Oh Boy! the weekend came and went my sister's wedding was wonderful it turned out very well and she was a beautiful bride! I was so busy these last few weeks while I helped my sister get everything done I cannot wait to be able to hang out at the pool more now with the kids they love to swim my 2 oldest boys are doing well without floating devices but my little girl she is going to be 6 in August she still has a hard time if she cannot stand.

My kids were so wonderful at the wedding the Anthony 8 and Brooklynn 5 were on the dance floor all night they are not shy at all. Anthony was so cute he was trying to break dance and do the moon walk it was classic. and well Brooklynn she just danced her little butt off all night by the time we got home they went upstairs to put their pj's on and I think they were passed out in a matter of 5 minutes! It is so wonderful to see that they are not afraid to be in front of people I really want them to be confident with themselves and always stand with their head held High! It looks like that is happening so far and I hope it stays that way.

My 15 year old Christopher has his first girlfriend and I am trying to be the mom that supports this and is here for him to talk and be really open with him. We are going to have her come over this week sometime so I can meet her and I can meet her parents. My son told my friend a couple weeks ago that he wants to date girls that have his same values and beliefs, he said he wants someone that goes to church and believes in God and I very impressed with that and I talked to him about that also I told I was really happy to hear that he was that mature and had those views for a girlfriend. He really made me proud because not all 15 yr old boys would think that way and of course not all 15 year olds act like him. We may have our mother, son attitudes with each other because that is his age but he is a great boy he helps out with chores most of the time without giving me a hard time, he does going out and get into trouble or get into any of the stuff that some of the teenagers are into right now. Of course I do have tight reigns on him to a certain extent at night I don't allow him to go out and just galavant around the neighbor like some of the older teens do because I really feel that after dark and walking around a development will just get you into trouble because you are bored.
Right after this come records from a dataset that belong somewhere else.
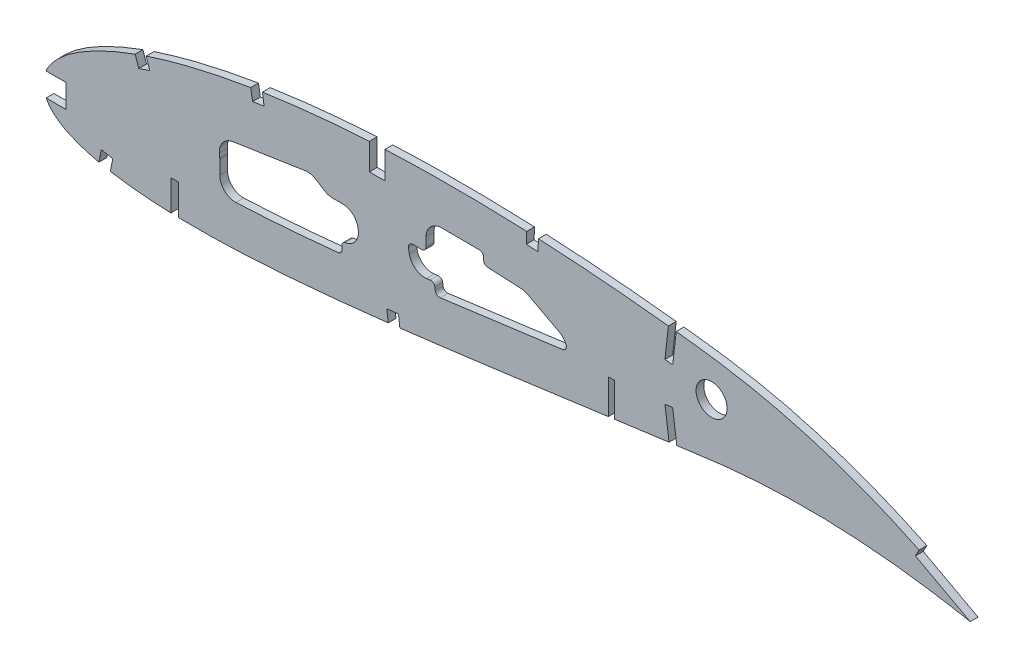
SolidWorks part; units mm, degrees
ref_plane "Front Plane" through (0, 0, 0) normal (0, 0, 1) x (1, 0, 0)
ref_plane "Top Plane" through (0, 0, 0) normal (0, 1, 0) x (1, 0, 0)
ref_plane "Right Plane" through (0, 0, 0) normal (1, 0, 0) x (0, 0, -1)
curve "Curve1"
  spline degree 3 poles (383.949, 0.5986, 0) (383.9196, 0.6168, 0) (383.802, 0.6894, 0) (383.5372, 0.8518, 0) (383.0962, 1.1224, 0) (382.4788, 1.4992, 0) (381.6856, 1.9812, 0) (380.716, 2.5651, 0) (379.5708, 3.249, 0) (378.2502, 4.0295, 0) (376.7543, 4.9032, 0) (375.0838, 5.8664, 0) (373.2387, 6.9137, 0) (371.2197, 8.0407, 0) (369.0276, 9.2423, 0) (366.6628, 10.5128, 0) (364.1261, 11.8459, 0) (361.4185, 13.2358, 0) (358.5405, 14.6749, 0) (355.4934, 16.1571, 0) (352.2782, 17.675, 0) (348.8962, 19.2207, 0) (345.3491, 20.7877, 0) (341.638, 22.3663, 0) (337.765, 23.9497, 0) (333.7318, 25.5289, 0) (329.5407, 27.0966, 0) (325.1933, 28.6428, 0) (320.6929, 30.1607, 0) (316.0417, 31.6403, 0) (311.2431, 33.0737, 0) (306.2997, 34.4516, 0) (301.2157, 35.767, 0) (295.9944, 37.0101, 0) (290.6401, 38.1728, 0) (285.1572, 39.2479, 0) (279.5502, 40.2249, 0) (273.8346, 41.1028, 0) (268.1025, 41.8331, 0) (262.3821, 42.5494, 0) (256.6703, 43.2222, 0) (250.8886, 43.8666, 0) (245.0428, 44.4788, 0) (239.1384, 45.057, 0) (233.1816, 45.5987, 0) (227.1785, 46.1022, 0) (221.135, 46.5647, 0) (215.0573, 46.9856, 0) (208.9515, 47.361, 0) (202.8242, 47.6908, 0) (196.6815, 47.9725, 0) (190.5298, 48.2044, 0) (184.3757, 48.385, 0) (178.2255, 48.5125, 0) (172.0859, 48.5861, 0) (165.9633, 48.6039, 0) (159.8643, 48.5655, 0) (153.7954, 48.4696, 0) (147.7632, 48.3149, 0) (141.7741, 48.1011, 0) (135.8345, 47.8283, 0) (129.951, 47.4942, 0) (124.1299, 47.1009, 0) (118.3778, 46.6469, 0) (112.701, 46.1319, 0) (107.1053, 45.5581, 0) (101.5971, 44.9239, 0) (96.1822, 44.2312, 0) (90.8666, 43.4813, 0) (85.6562, 42.6738, 0) (80.5566, 41.8111, 0) (75.5733, 40.894, 0) (70.7116, 39.9252, 0) (65.9768, 38.9049, 0) (61.3739, 37.8363, 0) (56.9076, 36.7211, 0) (52.5828, 35.5615, 0) (48.4038, 34.3602, 0) (44.375, 33.1199, 0) (40.5009, 31.842, 0) (36.7845, 30.5314, 0) (33.2304, 29.1889, 0) (29.8413, 27.8188, 0) (26.6212, 26.4228, 0) (23.5724, 25.0052, 0) (20.6984, 23.5677, 0) (18.0014, 22.1143, 0) (15.4839, 20.6472, 0) (13.1483, 19.1691, 0) (10.9958, 17.6837, 0) (9.0293, 16.1921, 0) (7.2493, 14.698, 0) (5.6571, 13.2036, 0) (4.255, 11.71, 0) (3.0428, 10.2198, 0) (2.0222, 8.7343, 0) (1.1933, 7.2547, 0) (0.558, 5.7822, 0) (0.1157, 4.3176, 0) (-0.1263, 2.863, 0) (-0.1866, 1.4174, 0) (-0.0621, 0.4718, 0) (0, 0, 0) knots 0 0 0 0 0.000254 0.001015 0.002283 0.004057 0.006331 0.009105 0.012374 0.016134 0.02038 0.025106 0.030306 0.035972 0.0421 0.048678 0.055702 0.06316 0.071046 0.07935 0.088063 0.097176 0.106678 0.116562 0.126814 0.137428 0.148394 0.1597 0.171338 0.183298 0.19557 0.208144 0.221012 0.234162 0.247587 0.261277 0.275223 0.289414 0.303771 0.317689 0.331784 0.34604 0.360444 0.374983 0.38964 0.404403 0.419257 0.434187 0.449177 0.464215 0.479284 0.49437 0.509458 0.524532 0.539579 0.554583 0.56953 0.584403 0.599191 0.613877 0.628447 0.642889 0.657186 0.671326 0.685294 0.699078 0.712665 0.726043 0.739198 0.752118 0.764792 0.777208 0.789356 0.801224 0.812804 0.824083 0.835055 0.84571 0.856038 0.866034 0.875689 0.884998 0.893953 0.902553 0.910789 0.918661 0.926166 0.933303 0.940071 0.946475 0.952518 0.958205 0.963547 0.968557 0.97325 0.977651 0.981787 0.985694 0.989415 0.993001 0.996508 1 1 1 1
curve "Curve2"
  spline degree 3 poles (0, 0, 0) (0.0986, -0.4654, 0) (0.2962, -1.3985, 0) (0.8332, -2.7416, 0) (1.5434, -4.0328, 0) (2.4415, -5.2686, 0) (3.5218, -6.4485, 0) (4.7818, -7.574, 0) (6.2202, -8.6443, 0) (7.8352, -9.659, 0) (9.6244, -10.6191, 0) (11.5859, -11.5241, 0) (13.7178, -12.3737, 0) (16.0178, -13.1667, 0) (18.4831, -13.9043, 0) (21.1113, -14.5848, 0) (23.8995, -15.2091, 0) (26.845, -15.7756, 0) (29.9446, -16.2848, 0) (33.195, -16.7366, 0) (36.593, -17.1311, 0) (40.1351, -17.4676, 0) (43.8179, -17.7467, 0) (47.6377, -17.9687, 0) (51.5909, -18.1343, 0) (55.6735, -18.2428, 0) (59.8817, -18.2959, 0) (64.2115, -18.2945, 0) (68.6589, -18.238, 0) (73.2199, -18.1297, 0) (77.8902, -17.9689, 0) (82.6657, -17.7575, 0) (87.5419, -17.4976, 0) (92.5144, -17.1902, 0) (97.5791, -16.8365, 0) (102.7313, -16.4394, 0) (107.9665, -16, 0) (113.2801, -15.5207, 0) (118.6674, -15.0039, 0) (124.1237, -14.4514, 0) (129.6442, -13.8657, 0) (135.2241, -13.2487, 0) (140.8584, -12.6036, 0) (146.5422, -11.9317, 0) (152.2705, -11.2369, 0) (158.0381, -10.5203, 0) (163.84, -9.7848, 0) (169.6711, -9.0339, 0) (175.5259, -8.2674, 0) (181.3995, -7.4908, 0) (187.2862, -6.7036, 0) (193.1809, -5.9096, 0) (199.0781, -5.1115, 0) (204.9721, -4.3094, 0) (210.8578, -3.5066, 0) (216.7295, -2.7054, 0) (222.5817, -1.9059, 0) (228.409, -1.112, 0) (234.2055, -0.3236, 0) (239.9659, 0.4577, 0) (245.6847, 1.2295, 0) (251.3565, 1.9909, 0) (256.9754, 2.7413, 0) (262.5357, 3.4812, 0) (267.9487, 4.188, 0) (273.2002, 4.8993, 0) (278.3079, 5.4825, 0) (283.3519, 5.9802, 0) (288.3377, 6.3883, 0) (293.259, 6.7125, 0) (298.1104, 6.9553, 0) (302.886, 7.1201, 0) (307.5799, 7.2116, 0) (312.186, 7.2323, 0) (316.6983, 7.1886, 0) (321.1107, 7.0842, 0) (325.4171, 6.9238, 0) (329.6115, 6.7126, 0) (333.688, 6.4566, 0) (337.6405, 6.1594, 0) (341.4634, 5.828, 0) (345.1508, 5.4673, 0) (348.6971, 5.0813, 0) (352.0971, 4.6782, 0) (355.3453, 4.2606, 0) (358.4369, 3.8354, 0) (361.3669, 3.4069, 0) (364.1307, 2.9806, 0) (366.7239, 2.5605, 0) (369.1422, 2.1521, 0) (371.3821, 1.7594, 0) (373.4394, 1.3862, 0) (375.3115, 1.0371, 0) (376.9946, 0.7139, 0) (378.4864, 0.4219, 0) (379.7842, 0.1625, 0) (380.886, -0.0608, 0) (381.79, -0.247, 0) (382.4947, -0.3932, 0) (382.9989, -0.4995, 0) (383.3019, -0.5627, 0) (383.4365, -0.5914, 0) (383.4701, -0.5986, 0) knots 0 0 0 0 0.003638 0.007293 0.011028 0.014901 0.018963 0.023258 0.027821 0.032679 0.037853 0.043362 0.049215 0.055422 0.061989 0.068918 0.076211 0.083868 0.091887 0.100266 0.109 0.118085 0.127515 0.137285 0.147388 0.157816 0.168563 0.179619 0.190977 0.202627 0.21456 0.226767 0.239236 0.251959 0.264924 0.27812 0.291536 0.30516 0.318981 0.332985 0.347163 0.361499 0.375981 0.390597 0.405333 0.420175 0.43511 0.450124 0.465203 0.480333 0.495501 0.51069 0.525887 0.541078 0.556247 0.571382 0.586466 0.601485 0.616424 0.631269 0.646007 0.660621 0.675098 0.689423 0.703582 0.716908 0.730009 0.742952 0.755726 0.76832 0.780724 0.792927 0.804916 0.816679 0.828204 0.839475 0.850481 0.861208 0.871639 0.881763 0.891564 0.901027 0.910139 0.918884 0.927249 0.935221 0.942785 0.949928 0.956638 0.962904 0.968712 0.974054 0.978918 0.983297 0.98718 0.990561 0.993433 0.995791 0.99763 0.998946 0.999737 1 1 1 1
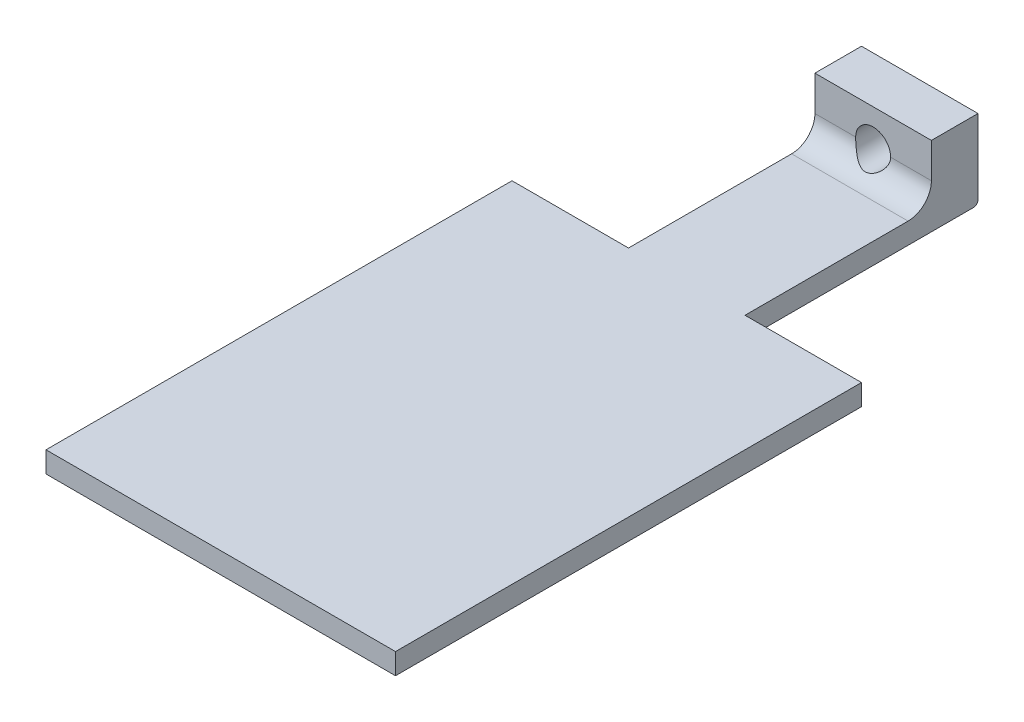
SolidWorks part; units mm, degrees
ref_plane "Front Plane" through (0, 0, 0) normal (0, 0, 1) x (1, 0, 0)
ref_plane "Top Plane" through (0, 0, 0) normal (0, 1, 0) x (1, 0, 0)
ref_plane "Right Plane" through (0, 0, 0) normal (1, 0, 0) x (0, 0, -1)
sketch "Sketch1" plane through (0, 0, 0) normal (0, 1, 0) x (1, 0, 0)
  line L0 (20, 0) -> (30, 0)
  line L1 (0, 0) -> (10, 0)
  line L2 (0, 0) -> (0, -40)
  line L3 (0, -40) -> (30, -40)
  line L4 (30, 0) -> (30, -40)
  line L6 (10, 0) -> (10, 20)
  line L7 (10, 20) -> (20, 20)
  line L8 (20, 0) -> (20, 20)
  dimension "D1" = 30
  dimension "D2" = 40
  dimension "D3" = 10
  dimension "D5" = 20
extrude "Boss-Extrude1" add sketch "Sketch1" along normal blind 1.8
sketch "Sketch2" plane through (0, 1.8, 0) normal (0, 1, 0) x (1, 0, 0)
  line L0 (20, 0) -> (20, 20) construction
  line L1 (10, 20) -> (20, 20)
  line L2 (10, 20) -> (10, 16)
  line L3 (10, 16) -> (20, 16)
  line L4 (20, 20) -> (20, 16)
  dimension "D1" = 4
extrude "Boss-Extrude2" add sketch "Sketch2" along normal blind 5
sketch "Sketch3" plane through (0, 0, -20) normal (0, 0, -1) x (-1, 0, 0)
  line L0 (-20, 6.8) -> (-10, 6.8) construction
  circle A0 centre (-15, 3.8) radius 1.5
  point P4 (-15, 6.8)
  dimension "D1" = 3
  dimension "D2" = 0
  dimension "D3" = 3
extrude "Cut-Extrude1" cut sketch "Sketch3" against normal blind 5
fillet "Fillet1" radius 2 1 edges at (15, 1.8, -16)
fillet "Fillet2" radius 0.4 1 edges at (15, 0, -20)
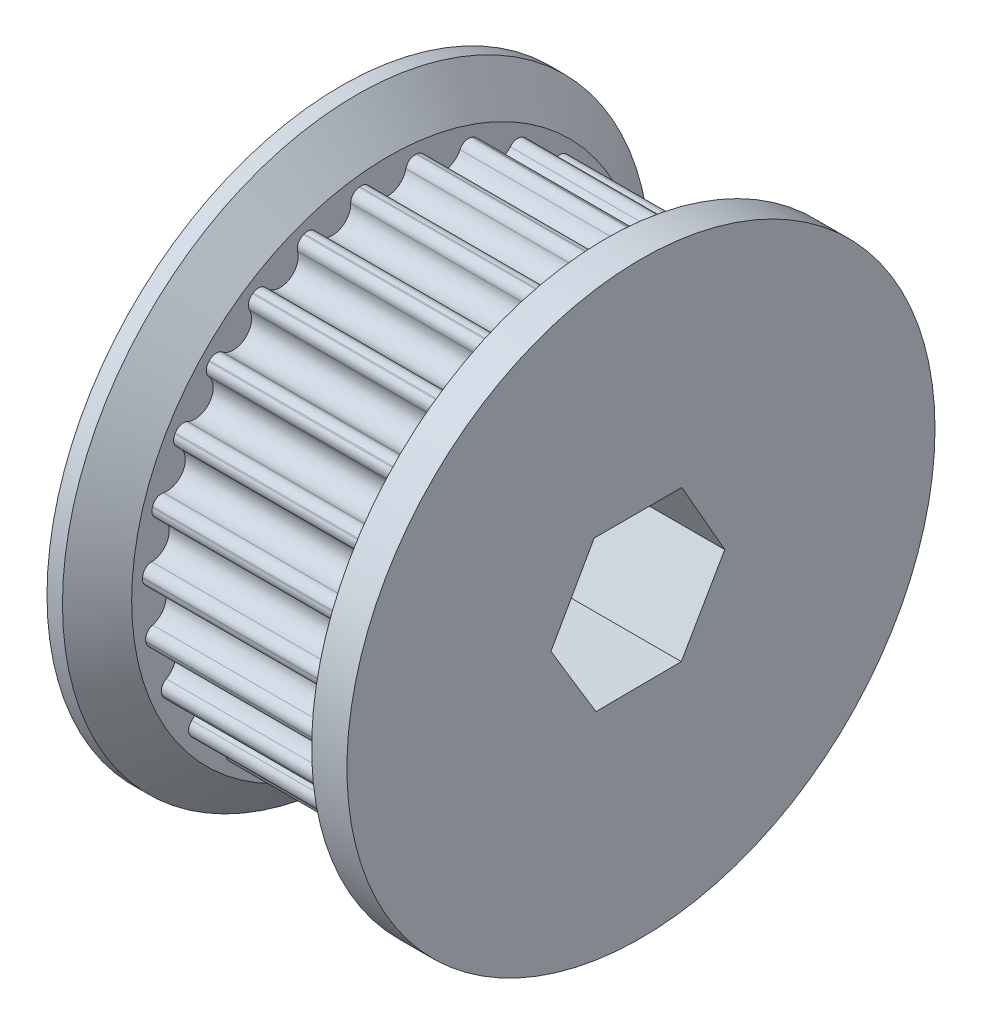
SolidWorks part; units mm, degrees
ref_plane "Front Plane" through (0, 0, 0) normal (0, 0, 1) x (1, 0, 0)
ref_plane "Top Plane" through (0, 0, 0) normal (0, 1, 0) x (1, 0, 0)
ref_plane "Right Plane" through (0, 0, 0) normal (1, 0, 0) x (0, 0, -1)
sketch "Sketch1" plane through (0, 0, 0) normal (1, 0, 0) x (0, 0, -1)
  circle A0 centre (0, 0) radius 20.915
  dimension "D1" = 41.83
extrude "Boss-Extrude1" add sketch "Sketch1" along normal blind 18.5 contours A0
sketch "Sketch8" plane through (18.5, 0, 0) normal (1, 0, 0) x (0, 0, -1)
  line L1 (0, 0) -> (0, 50.3807) construction
  line L7 (-2.5, 21.3391) -> (0, 0) construction
  line L8 (0, 0) -> (2.5, 21.3391) construction
  circle A0 centre (0, 0) radius 21.485 construction
  circle A2 centre (0, 0) radius 20.915 construction
  arc A3 (-1.4883, 20.862) -> (1.4883, 20.862) centre (0, 20.4573) ccw
  arc A6 (-1.4883, 20.862) -> (1.4883, 20.862) centre (0, 0) cw
  point P15 (0, 18.915)
  point P16 (0, 20.915)
  dimension "D4" = 1.5423
  dimension "D2" = 42.97
  dimension "D1" = 5
  dimension "D3" = 2.5
  dimension "D5" = 2
sketch "Sketch9" plane through (0, 0, 0) normal (-1, 0, 0) x (0, 0, 1)
  line L0 (-3.4711, 6.4445) -> (-7.1255, 0.0437)
  line L1 (-7.1255, 0.0437) -> (-3.4298, -6.3571)
  line L2 (-3.4298, -6.3571) -> (3.8268, -6.4097)
  line L3 (3.8268, -6.4097) -> (7.6559, -0.0635)
  line L4 (7.6559, -0.0635) -> (3.9818, 6.4445)
  line L5 (3.9818, 6.4445) -> (-3.4711, 6.4445)
extrude "Cut-Extrude6" cut sketch "Sketch8" against normal blind 43 contours A6 A3
fillet "Fillet4" radius 0.8 2 edges at (9.25, 20.862, -1.4883) (9.25, 20.862, 1.4883)
sketch "Sketch10" plane through (18.5, 0, 0) normal (1, 0, 0) x (0, 0, -1)
  circle A0 centre (0, 0) radius 25
  dimension "D1" = 50
sketch "Sketch11" plane through (0, 0, 0) normal (-1, 0, 0) x (0, 0, 1)
  circle A0 centre (0, 0) radius 25
  dimension "D1" = 50
pattern_circular "CirPattern1" count 27 over 360 about axis through (18.5, 0, 0) along (-1, 0, 0) of "Cut-Extrude6", "Fillet4"
extrude "Boss-Extrude7" add sketch "Sketch10" along normal blind 3
extrude "Boss-Extrude8" add sketch "Sketch11" along normal blind 4
chamfer "Chamfer1" distance 3.2 angle 40 1 edges at (0, 0, 25) first distance on face at (0, 0, 0)
extrude "Cut-Extrude5" cut sketch "Sketch9" against normal through all both and the other way through all

Well I am going to do for now I hope everyone has a great day I am going to be swimming all afternoon most likely and then the 2 little ones have a pool party!

2 comments:

  1. So glad to see you back! I've been checking your blog here and there and thought you have my just give it up. It's always great to hear about your days as your kids are growing. Gives me something to look forward to with my son.
    I can not believe you went from a 16 to a 6! That is so awesome! I would be happy just coming down to an 8. Keep the posts coming. I enjoy them!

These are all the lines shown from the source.